In psychology, it’s generally agreed upon that a person’s relationships with their primary caregivers in childhood can impact how they react and behave in relationships later in life.
One way to look at this is through a person’s ‘attachment style’. If all goes well the parent and child develop a secure bond. However, for a number of reasons, this doesn’t always happen. When this doesn’t happen a person develops an insecure attachment style. They aren’t all relevant here, so I’m just going to go into what I believe Dean’s attachment style is. It’s important, I promise we’re circling back to ‘I need you’.
Judging by the way Dean acts throughout the show, I think he has an insecure-avoidant attachment style.
An avoidant attachment style is generally developed when a child’s needs aren’t met by their caregiver (looking at you, John Winchester). Parents of people with avoidant attachment styles tend to be dismissive of their child’s needs or emotionally distant.
To combat this, a child learns to look after their own needs. They become dependent on themselves. They try to build themselves into a person who doesn’t ‘need’ anybody because then they will never be let down.
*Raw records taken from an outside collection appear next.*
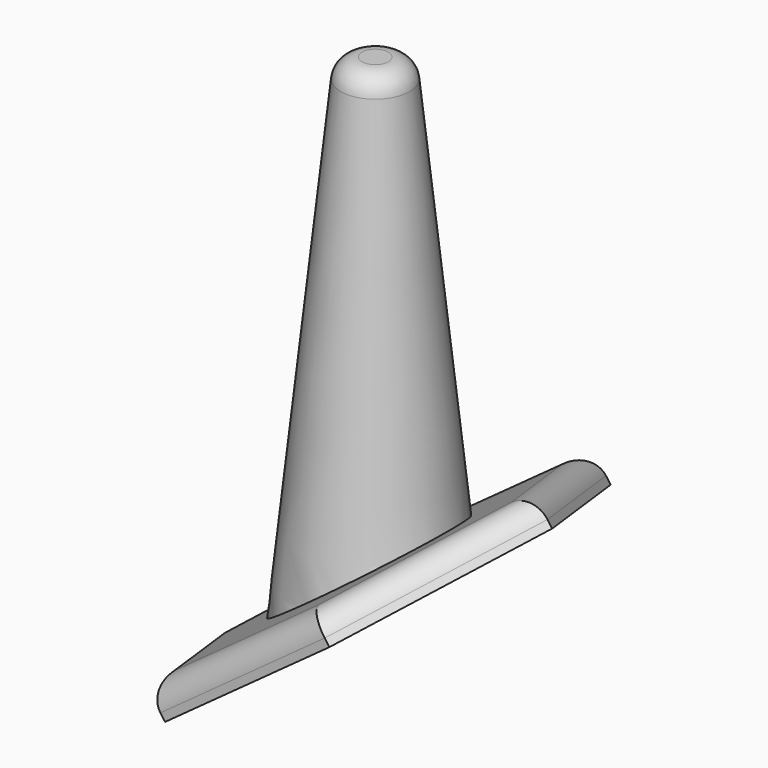
from build123d import *

# Parameters (mm, degrees)
F3_DEPTH      = 11.001
F3_DEPTH_BACK = 11.001
F5_DEPTH      = 4
F6_R          = 3
F7_R          = 2.69


with BuildPart() as f1:
    # F0 (on Front) → F1 (revolve)
    with BuildSketch(Plane.XZ):
        Polygon((-4.066010414, 66), (-11, 0), (0, 0), (0, 66), align=None)
    revolve(axis=Axis((0, 0, 33), (0, 0, -1)))

    # F2 (on Front) → F3 (cut, two sides)
    with BuildSketch(Plane.XZ) as f3_sk:
        Polygon((40.7802015543, 39.7115387022), (-13.9303933829, 0), (40.7802015543, 0), align=None)
    extrude(amount=-F3_DEPTH, mode=Mode.SUBTRACT)
    extrude(f3_sk.sketch, amount=F3_DEPTH_BACK, mode=Mode.SUBTRACT)

    # F4 (on face) → F5 (join)
    with BuildSketch(Plane(origin=(-4.8068030747, 0, 6.6223335725), x_dir=(0.8092844528, 0, 0.5874169511), z_dir=(0.5874169511, 0, -0.8092844528))):
        Polygon((-7.7040281941, -22), (17.6993836503, -22), (30.4010895725, 0), (17.6993836503, 22), (-7.7040281941, 22), (-20.4057341162, 0), align=None)
    extrude(amount=F5_DEPTH)

    # F6
    f6_edges = [f1.edges().sort_by_distance(p)[0] for p in [
        (-0.76226, 22, 9.558054),
        (14.65668, 11, 20.74985),
        (14.65668, -11, 20.74985),
        (-0.76226, -22, 9.558054),
        (-16.1812, -11, -1.633742),
        (-16.1812, 11, -1.633742),
    ]]
    fillet(f6_edges, radius=F6_R)

    # F7
    f7_edges = [f1.edges().sort_by_distance(p)[0] for p in [
        (4.06601, 0, 66),
    ]]
    fillet(f7_edges, radius=F7_R)


solid = f1.part
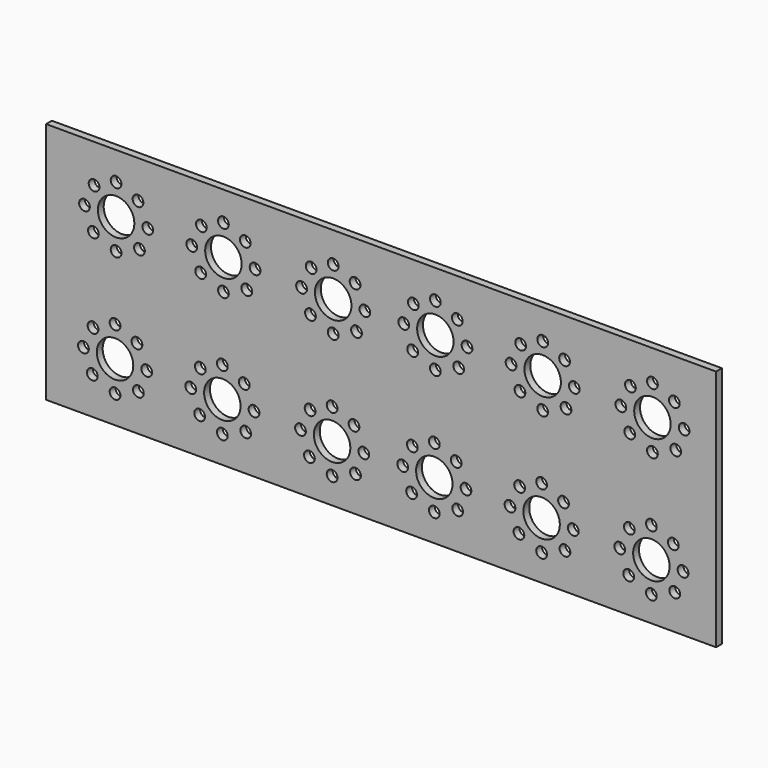
from build123d import *

# Parameters (mm, degrees)
F0_W     = 233.4336936474
F0_H     = 84.5690276474
F0_R     = 1.8721957215
F0_R_2   = 6.35
F1_DEPTH = 2.54


# Not quite as in the source:
# - a feature names something its author has since deleted; it is built from what else it names


with BuildPart() as f1:
    # F0 (on Front) → F1 (new body)
    with BuildSketch(Plane.XZ):
        with Locations((-11.6664916277, 61.8299962953)):
            Rectangle(F0_W, F0_H)
        with Locations((-104.3571985153, 29.2857964082)):
            Circle(F0_R, mode=Mode.SUBTRACT)
        with Locations((-112.2689694166, 32.5818173587)):
            Circle(F0_R, mode=Mode.SUBTRACT)
        with Locations((-115.3711608437, 39.9046507223)):
            Circle(F0_R, mode=Mode.SUBTRACT)
        with Locations((-104.3571985153, 39.9046507223)):
            Circle(F0_R_2, mode=Mode.SUBTRACT)
        with Locations((-96.2211242398, 32.574690507)):
            Circle(F0_R, mode=Mode.SUBTRACT)
        with Locations((-74.883861413, 32.3070631458)):
            Circle(F0_R, mode=Mode.SUBTRACT)
        with Locations((-93.3202734975, 39.9046507223)):
            Circle(F0_R, mode=Mode.SUBTRACT)
        with Locations((-77.9860528401, 39.6298965093)):
            Circle(F0_R, mode=Mode.SUBTRACT)
        with Locations((-66.9720905117, 29.0110421952)):
            Circle(F0_R, mode=Mode.SUBTRACT)
        with Locations((-28.7286259285, 28.620999728)):
            Circle(F0_R, mode=Mode.SUBTRACT)
        with Locations((-58.8360162362, 32.299936294)):
            Circle(F0_R, mode=Mode.SUBTRACT)
        with Locations((-66.9720905117, 39.6298965093)):
            Circle(F0_R_2, mode=Mode.SUBTRACT)
        with Locations((-55.9351654939, 39.6298965093)):
            Circle(F0_R, mode=Mode.SUBTRACT)
        with Locations((-36.6403968299, 31.9170206785)):
            Circle(F0_R, mode=Mode.SUBTRACT)
        with Locations((-20.5925516531, 31.9098938268)):
            Circle(F0_R, mode=Mode.SUBTRACT)
        with Locations((-39.742588257, 39.2398540421)):
            Circle(F0_R, mode=Mode.SUBTRACT)
        with Locations((-28.7286259285, 39.2398540421)):
            Circle(F0_R_2, mode=Mode.SUBTRACT)
        with Locations((-17.6917009107, 39.2398540421)):
            Circle(F0_R, mode=Mode.SUBTRACT)
        with Locations((-112.0281557075, 47.0351953909)):
            Circle(F0_R, mode=Mode.SUBTRACT)
        with Locations((-104.3571985153, 50.5235087617)):
            Circle(F0_R, mode=Mode.SUBTRACT)
        with Locations((-96.7241733432, 47.2419499663)):
            Circle(F0_R, mode=Mode.SUBTRACT)
        with Locations((-74.6430477039, 46.7604411779)):
            Circle(F0_R, mode=Mode.SUBTRACT)
        with Locations((-59.3390653396, 46.9671957533)):
            Circle(F0_R, mode=Mode.SUBTRACT)
        with Locations((-66.9720905117, 50.2487545487)):
            Circle(F0_R, mode=Mode.SUBTRACT)
        with Locations((-36.3995831207, 46.3703987107)):
            Circle(F0_R, mode=Mode.SUBTRACT)
        with Locations((-28.7286259285, 49.8587120814)):
            Circle(F0_R, mode=Mode.SUBTRACT)
        with Locations((-21.0956007565, 46.5771532861)):
            Circle(F0_R, mode=Mode.SUBTRACT)
        with Locations((6.8762816883, 29.1194615197)):
            Circle(F0_R, mode=Mode.SUBTRACT)
        with Locations((44.2613896919, 28.8447073068)):
            Circle(F0_R, mode=Mode.SUBTRACT)
        with Locations((-1.035489213, 32.4154824703)):
            Circle(F0_R, mode=Mode.SUBTRACT)
        with Locations((15.0123559638, 32.4083556185)):
            Circle(F0_R, mode=Mode.SUBTRACT)
        with Locations((-4.1376806401, 39.7383158338)):
            Circle(F0_R, mode=Mode.SUBTRACT)
        with Locations((6.8762816883, 39.7383158338)):
            Circle(F0_R_2, mode=Mode.SUBTRACT)
        with Locations((36.3496187906, 32.1407282573)):
            Circle(F0_R, mode=Mode.SUBTRACT)
        with Locations((17.9132067062, 39.7383158338)):
            Circle(F0_R, mode=Mode.SUBTRACT)
        with Locations((33.2474273635, 39.4635616208)):
            Circle(F0_R, mode=Mode.SUBTRACT)
        with Locations((44.2613896919, 39.4635616208)):
            Circle(F0_R_2, mode=Mode.SUBTRACT)
        with Locations((82.5048542751, 28.4546648395)):
            Circle(F0_R, mode=Mode.SUBTRACT)
        with Locations((52.3974639674, 32.1336014056)):
            Circle(F0_R, mode=Mode.SUBTRACT)
        with Locations((74.5930833738, 31.7506857901)):
            Circle(F0_R, mode=Mode.SUBTRACT)
        with Locations((55.2983147098, 39.4635616208)):
            Circle(F0_R, mode=Mode.SUBTRACT)
        with Locations((71.4908919467, 39.0735191536)):
            Circle(F0_R, mode=Mode.SUBTRACT)
        with Locations((90.6409285506, 31.7435589383)):
            Circle(F0_R, mode=Mode.SUBTRACT)
        with Locations((82.5048542751, 39.0735191536)):
            Circle(F0_R_2, mode=Mode.SUBTRACT)
        with Locations((93.5417792929, 39.0735191536)):
            Circle(F0_R, mode=Mode.SUBTRACT)
        with Locations((-0.7946755039, 46.8688605024)):
            Circle(F0_R, mode=Mode.SUBTRACT)
        with Locations((14.5093068604, 47.0756150778)):
            Circle(F0_R, mode=Mode.SUBTRACT)
        with Locations((6.8762816883, 50.3571738732)):
            Circle(F0_R, mode=Mode.SUBTRACT)
        with Locations((36.5904324997, 46.5941062895)):
            Circle(F0_R, mode=Mode.SUBTRACT)
        with Locations((44.2613896919, 50.0824196602)):
            Circle(F0_R, mode=Mode.SUBTRACT)
        with Locations((51.894414864, 46.8008608649)):
            Circle(F0_R, mode=Mode.SUBTRACT)
        with Locations((74.8338970829, 46.2040638222)):
            Circle(F0_R, mode=Mode.SUBTRACT)
        with Locations((90.1378794472, 46.4108183976)):
            Circle(F0_R, mode=Mode.SUBTRACT)
        with Locations((82.5048542751, 49.692377193)):
            Circle(F0_R, mode=Mode.SUBTRACT)
        with Locations((-103.9882795885, 73.0159394443)):
            Circle(F0_R, mode=Mode.SUBTRACT)
        with Locations((-111.9000504898, 76.3119603949)):
            Circle(F0_R, mode=Mode.SUBTRACT)
        with Locations((-95.852205313, 76.3048335431)):
            Circle(F0_R, mode=Mode.SUBTRACT)
        with Locations((-74.5149424862, 76.0372061819)):
            Circle(F0_R, mode=Mode.SUBTRACT)
        with Locations((-28.3597070018, 72.3511427641)):
            Circle(F0_R, mode=Mode.SUBTRACT)
        with Locations((-66.6031715849, 72.7411852313)):
            Circle(F0_R, mode=Mode.SUBTRACT)
        with Locations((-58.4670973094, 76.0300793301)):
            Circle(F0_R, mode=Mode.SUBTRACT)
        with Locations((-36.2714779031, 75.6471637146)):
            Circle(F0_R, mode=Mode.SUBTRACT)
        with Locations((-20.2236327263, 75.6400368629)):
            Circle(F0_R, mode=Mode.SUBTRACT)
        with Locations((-39.3736693302, 82.9699970782)):
            Circle(F0_R, mode=Mode.SUBTRACT)
        with Locations((-28.3597070018, 82.9699970782)):
            Circle(F0_R_2, mode=Mode.SUBTRACT)
        with Locations((-17.3227819839, 82.9699970782)):
            Circle(F0_R, mode=Mode.SUBTRACT)
        with Locations((-115.002241917, 83.6347937584)):
            Circle(F0_R, mode=Mode.SUBTRACT)
        with Locations((-103.9882795885, 83.6347937584)):
            Circle(F0_R_2, mode=Mode.SUBTRACT)
        with Locations((-111.6592367807, 90.765338427)):
            Circle(F0_R, mode=Mode.SUBTRACT)
        with Locations((-92.9513545707, 83.6347937584)):
            Circle(F0_R, mode=Mode.SUBTRACT)
        with Locations((-77.6171339134, 83.3600395454)):
            Circle(F0_R, mode=Mode.SUBTRACT)
        with Locations((-96.3552544164, 90.9720930024)):
            Circle(F0_R, mode=Mode.SUBTRACT)
        with Locations((-74.2741287771, 90.490584214)):
            Circle(F0_R, mode=Mode.SUBTRACT)
        with Locations((-103.9882795885, 94.2536517978)):
            Circle(F0_R, mode=Mode.SUBTRACT)
        with Locations((-66.6031715849, 83.3600395454)):
            Circle(F0_R_2, mode=Mode.SUBTRACT)
        with Locations((-55.5662465671, 83.3600395454)):
            Circle(F0_R, mode=Mode.SUBTRACT)
        with Locations((-58.9701464129, 90.6973387894)):
            Circle(F0_R, mode=Mode.SUBTRACT)
        with Locations((-36.030664194, 90.1005417468)):
            Circle(F0_R, mode=Mode.SUBTRACT)
        with Locations((-20.7266818297, 90.3072963222)):
            Circle(F0_R, mode=Mode.SUBTRACT)
        with Locations((-66.6031715849, 93.9788975848)):
            Circle(F0_R, mode=Mode.SUBTRACT)
        with Locations((-28.3597070018, 93.5888551176)):
            Circle(F0_R, mode=Mode.SUBTRACT)
        with Locations((-0.6665702862, 76.1456255064)):
            Circle(F0_R, mode=Mode.SUBTRACT)
        with Locations((7.2452006151, 72.8496045558)):
            Circle(F0_R, mode=Mode.SUBTRACT)
        with Locations((15.3812748906, 76.1384986547)):
            Circle(F0_R, mode=Mode.SUBTRACT)
        with Locations((44.6303086187, 72.5748503429)):
            Circle(F0_R, mode=Mode.SUBTRACT)
        with Locations((36.7185377174, 75.8708712934)):
            Circle(F0_R, mode=Mode.SUBTRACT)
        with Locations((82.8737732019, 72.1848078756)):
            Circle(F0_R, mode=Mode.SUBTRACT)
        with Locations((52.7663828942, 75.8637444417)):
            Circle(F0_R, mode=Mode.SUBTRACT)
        with Locations((74.9620023005, 75.4808288262)):
            Circle(F0_R, mode=Mode.SUBTRACT)
        with Locations((71.8598108734, 82.8036621897)):
            Circle(F0_R, mode=Mode.SUBTRACT)
        with Locations((91.0098474773, 75.4737019744)):
            Circle(F0_R, mode=Mode.SUBTRACT)
        with Locations((82.8737732019, 82.8036621897)):
            Circle(F0_R_2, mode=Mode.SUBTRACT)
        with Locations((93.9106982197, 82.8036621897)):
            Circle(F0_R, mode=Mode.SUBTRACT)
        with Locations((-3.7687617133, 83.4684588699)):
            Circle(F0_R, mode=Mode.SUBTRACT)
        with Locations((7.2452006151, 83.4684588699)):
            Circle(F0_R_2, mode=Mode.SUBTRACT)
        with Locations((-0.4257565771, 90.5990035386)):
            Circle(F0_R, mode=Mode.SUBTRACT)
        with Locations((14.8782257872, 90.805758114)):
            Circle(F0_R, mode=Mode.SUBTRACT)
        with Locations((18.2821256329, 83.4684588699)):
            Circle(F0_R, mode=Mode.SUBTRACT)
        with Locations((33.6163462903, 83.193704657)):
            Circle(F0_R, mode=Mode.SUBTRACT)
        with Locations((44.6303086187, 83.193704657)):
            Circle(F0_R_2, mode=Mode.SUBTRACT)
        with Locations((36.9593514265, 90.3242493256)):
            Circle(F0_R, mode=Mode.SUBTRACT)
        with Locations((7.2452006151, 94.0873169093)):
            Circle(F0_R, mode=Mode.SUBTRACT)
        with Locations((44.6303086187, 93.8125626963)):
            Circle(F0_R, mode=Mode.SUBTRACT)
        with Locations((55.6672336365, 83.193704657)):
            Circle(F0_R, mode=Mode.SUBTRACT)
        with Locations((52.2633337908, 90.531003901)):
            Circle(F0_R, mode=Mode.SUBTRACT)
        with Locations((75.2028160097, 89.9342068583)):
            Circle(F0_R, mode=Mode.SUBTRACT)
        with Locations((82.8737732019, 93.4225202291)):
            Circle(F0_R, mode=Mode.SUBTRACT)
        with Locations((90.5067983739, 90.1409614337)):
            Circle(F0_R, mode=Mode.SUBTRACT)
    extrude(amount=F1_DEPTH)


solid = f1.part

As a person ages, this core belief remains the same.
This rings true when thinking about how Dean generally raised himself and Sam while trying to turn himself into the human equivalent of a Swiss-Army knife. He tries to be a mother and father figure for himself and Sam while trying to be a soldier for John, a normal kid for people outside his family and later a ‘playboy’ when it comes to women. Heavy is the head that wears a thousand different hats, I guess. He has to be a million different things at once because he doesn’t want to rely on other people. He doesn’t want to need other people, because past trauma has taught him if he needs someone, they’ll let him down.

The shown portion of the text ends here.